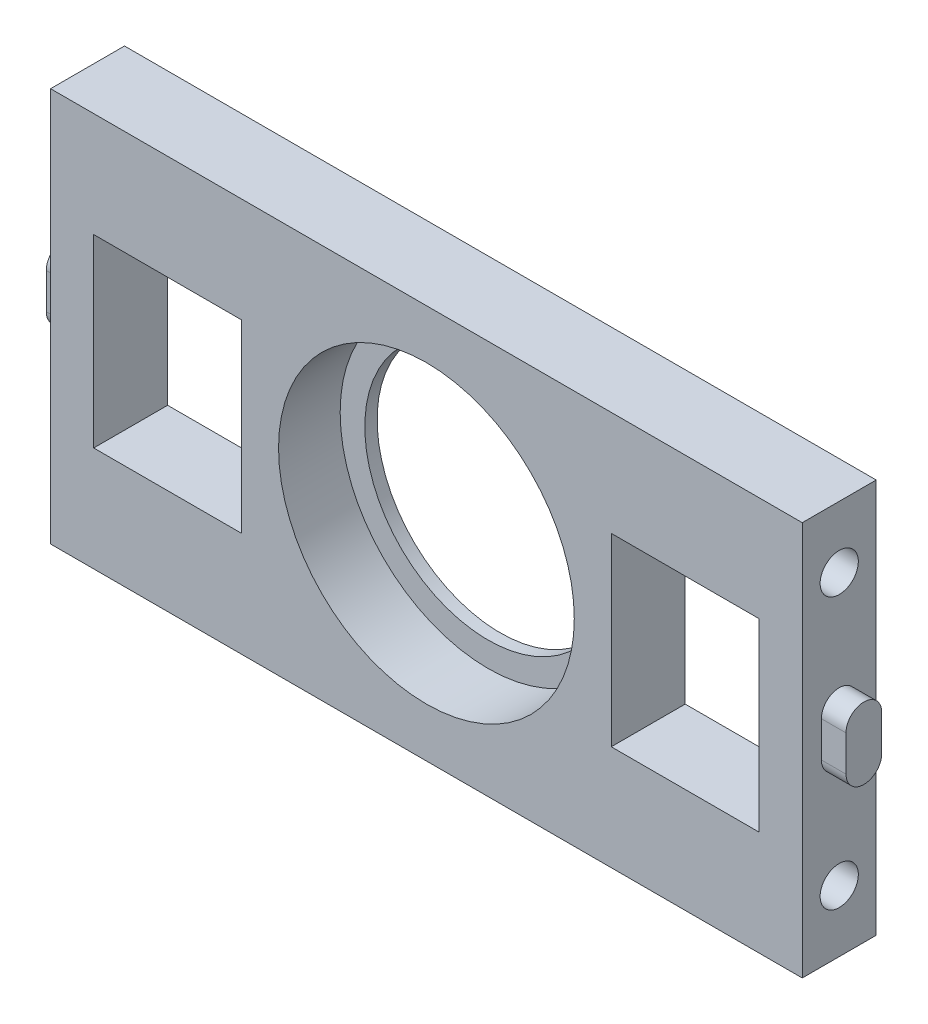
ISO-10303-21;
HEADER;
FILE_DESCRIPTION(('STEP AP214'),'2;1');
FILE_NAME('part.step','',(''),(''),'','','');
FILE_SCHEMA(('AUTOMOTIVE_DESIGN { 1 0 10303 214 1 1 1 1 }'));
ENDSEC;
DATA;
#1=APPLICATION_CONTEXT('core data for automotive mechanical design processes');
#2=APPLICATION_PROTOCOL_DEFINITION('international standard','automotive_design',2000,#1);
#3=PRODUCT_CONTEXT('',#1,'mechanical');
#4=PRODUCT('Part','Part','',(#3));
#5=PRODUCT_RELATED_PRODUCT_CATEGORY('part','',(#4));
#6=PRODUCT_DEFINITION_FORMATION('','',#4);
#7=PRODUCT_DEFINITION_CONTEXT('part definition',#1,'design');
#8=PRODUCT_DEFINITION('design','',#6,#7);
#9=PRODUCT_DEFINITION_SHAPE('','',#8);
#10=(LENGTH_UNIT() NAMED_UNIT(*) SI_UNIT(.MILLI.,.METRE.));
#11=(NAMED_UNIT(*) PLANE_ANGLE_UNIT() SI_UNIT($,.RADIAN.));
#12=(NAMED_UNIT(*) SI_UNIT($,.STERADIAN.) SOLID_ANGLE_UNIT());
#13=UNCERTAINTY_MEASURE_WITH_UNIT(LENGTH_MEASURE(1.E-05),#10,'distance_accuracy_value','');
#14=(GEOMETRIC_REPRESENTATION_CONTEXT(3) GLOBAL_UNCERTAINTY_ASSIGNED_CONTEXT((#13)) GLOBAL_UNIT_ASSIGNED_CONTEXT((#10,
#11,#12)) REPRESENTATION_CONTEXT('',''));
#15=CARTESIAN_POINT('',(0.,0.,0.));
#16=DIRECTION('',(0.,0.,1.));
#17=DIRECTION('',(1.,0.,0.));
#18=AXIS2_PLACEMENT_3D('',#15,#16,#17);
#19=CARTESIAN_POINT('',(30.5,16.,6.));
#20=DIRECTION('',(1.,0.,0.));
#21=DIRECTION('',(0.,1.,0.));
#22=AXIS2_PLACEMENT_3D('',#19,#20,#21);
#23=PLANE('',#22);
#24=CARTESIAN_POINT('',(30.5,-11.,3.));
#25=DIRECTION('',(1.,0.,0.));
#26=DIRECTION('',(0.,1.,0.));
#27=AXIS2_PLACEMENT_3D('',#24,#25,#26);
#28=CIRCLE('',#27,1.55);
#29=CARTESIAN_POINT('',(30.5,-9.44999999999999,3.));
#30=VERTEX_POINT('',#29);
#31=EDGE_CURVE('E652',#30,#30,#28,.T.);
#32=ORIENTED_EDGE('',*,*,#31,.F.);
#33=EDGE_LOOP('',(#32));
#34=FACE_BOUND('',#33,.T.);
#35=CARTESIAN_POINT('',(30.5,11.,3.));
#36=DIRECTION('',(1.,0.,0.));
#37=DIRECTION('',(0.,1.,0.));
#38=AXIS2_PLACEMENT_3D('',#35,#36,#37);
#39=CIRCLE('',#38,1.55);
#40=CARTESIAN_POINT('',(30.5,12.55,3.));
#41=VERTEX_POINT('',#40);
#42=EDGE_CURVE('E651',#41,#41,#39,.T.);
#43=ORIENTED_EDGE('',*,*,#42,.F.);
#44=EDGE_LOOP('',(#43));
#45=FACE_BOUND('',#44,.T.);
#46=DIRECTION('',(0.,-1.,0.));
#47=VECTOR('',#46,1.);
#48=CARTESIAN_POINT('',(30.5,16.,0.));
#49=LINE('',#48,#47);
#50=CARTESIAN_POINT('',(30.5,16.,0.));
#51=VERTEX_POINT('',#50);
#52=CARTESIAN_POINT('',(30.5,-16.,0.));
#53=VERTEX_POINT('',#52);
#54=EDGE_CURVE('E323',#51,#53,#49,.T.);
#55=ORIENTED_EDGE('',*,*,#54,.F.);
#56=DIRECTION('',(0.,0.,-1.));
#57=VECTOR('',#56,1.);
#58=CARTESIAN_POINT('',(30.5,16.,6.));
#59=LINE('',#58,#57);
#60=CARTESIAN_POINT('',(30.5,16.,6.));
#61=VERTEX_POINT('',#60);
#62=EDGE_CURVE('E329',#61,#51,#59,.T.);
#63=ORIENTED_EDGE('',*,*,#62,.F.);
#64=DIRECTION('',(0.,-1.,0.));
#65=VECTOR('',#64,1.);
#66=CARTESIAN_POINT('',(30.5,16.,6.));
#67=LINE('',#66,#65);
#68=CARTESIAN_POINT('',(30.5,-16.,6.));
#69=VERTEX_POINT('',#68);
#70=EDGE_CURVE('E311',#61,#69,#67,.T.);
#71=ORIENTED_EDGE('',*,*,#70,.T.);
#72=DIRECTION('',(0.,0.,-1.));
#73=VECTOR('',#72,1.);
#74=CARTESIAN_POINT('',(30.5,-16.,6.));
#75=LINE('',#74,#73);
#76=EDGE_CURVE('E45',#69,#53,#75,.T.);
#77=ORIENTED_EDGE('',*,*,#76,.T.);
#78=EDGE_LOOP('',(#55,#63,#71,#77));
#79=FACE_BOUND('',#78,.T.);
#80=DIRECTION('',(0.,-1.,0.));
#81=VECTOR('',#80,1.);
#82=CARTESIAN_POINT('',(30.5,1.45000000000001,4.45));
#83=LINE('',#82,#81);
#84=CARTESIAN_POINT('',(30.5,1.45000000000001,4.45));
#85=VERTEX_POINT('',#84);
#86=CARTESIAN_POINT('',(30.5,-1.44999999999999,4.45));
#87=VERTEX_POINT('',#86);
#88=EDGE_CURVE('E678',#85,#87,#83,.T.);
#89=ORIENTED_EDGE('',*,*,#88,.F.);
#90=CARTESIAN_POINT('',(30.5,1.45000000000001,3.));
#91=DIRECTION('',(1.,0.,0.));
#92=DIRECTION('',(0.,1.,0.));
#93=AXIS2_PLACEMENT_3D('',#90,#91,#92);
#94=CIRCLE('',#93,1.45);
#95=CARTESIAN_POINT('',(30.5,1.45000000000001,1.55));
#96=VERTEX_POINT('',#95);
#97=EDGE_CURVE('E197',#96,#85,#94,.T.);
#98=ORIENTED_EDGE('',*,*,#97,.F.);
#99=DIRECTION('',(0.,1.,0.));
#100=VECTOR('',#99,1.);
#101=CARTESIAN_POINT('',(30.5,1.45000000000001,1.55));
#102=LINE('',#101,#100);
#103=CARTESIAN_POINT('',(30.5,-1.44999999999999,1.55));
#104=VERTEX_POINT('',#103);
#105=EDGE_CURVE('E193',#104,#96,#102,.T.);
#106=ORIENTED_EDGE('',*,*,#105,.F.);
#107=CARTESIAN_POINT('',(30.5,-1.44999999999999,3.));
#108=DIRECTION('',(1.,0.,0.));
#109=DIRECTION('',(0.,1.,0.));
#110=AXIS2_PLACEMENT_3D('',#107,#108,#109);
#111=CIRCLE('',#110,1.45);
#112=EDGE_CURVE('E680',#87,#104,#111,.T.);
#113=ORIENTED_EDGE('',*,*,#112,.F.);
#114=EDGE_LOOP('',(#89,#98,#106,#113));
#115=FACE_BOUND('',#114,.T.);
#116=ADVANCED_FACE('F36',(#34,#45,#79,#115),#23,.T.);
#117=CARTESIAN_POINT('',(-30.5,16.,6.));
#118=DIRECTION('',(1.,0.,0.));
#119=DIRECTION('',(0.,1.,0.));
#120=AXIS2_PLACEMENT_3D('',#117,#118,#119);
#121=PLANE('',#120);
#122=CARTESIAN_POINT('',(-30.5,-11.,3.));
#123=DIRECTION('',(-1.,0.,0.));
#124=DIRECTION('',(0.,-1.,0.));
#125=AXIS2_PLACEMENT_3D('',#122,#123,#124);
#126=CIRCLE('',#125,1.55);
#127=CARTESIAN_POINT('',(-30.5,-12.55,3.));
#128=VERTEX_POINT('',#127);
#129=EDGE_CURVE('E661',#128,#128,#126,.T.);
== == ==
WHAT TO DO: Copy the entries above exactly, but only from the line holding "#58=CARTESIAN_POINT('',(30.5,16.,6.));" through the line holding "#67=LINE('',#66,#65);", both included.

RESULT FOR THIS TASK:
#58=CARTESIAN_POINT('',(30.5,16.,6.));
#59=LINE('',#58,#57);
#60=CARTESIAN_POINT('',(30.5,16.,6.));
#61=VERTEX_POINT('',#60);
#62=EDGE_CURVE('E329',#61,#51,#59,.T.);
#63=ORIENTED_EDGE('',*,*,#62,.F.);
#64=DIRECTION('',(0.,-1.,0.));
#65=VECTOR('',#64,1.);
#66=CARTESIAN_POINT('',(30.5,16.,6.));
#67=LINE('',#66,#65);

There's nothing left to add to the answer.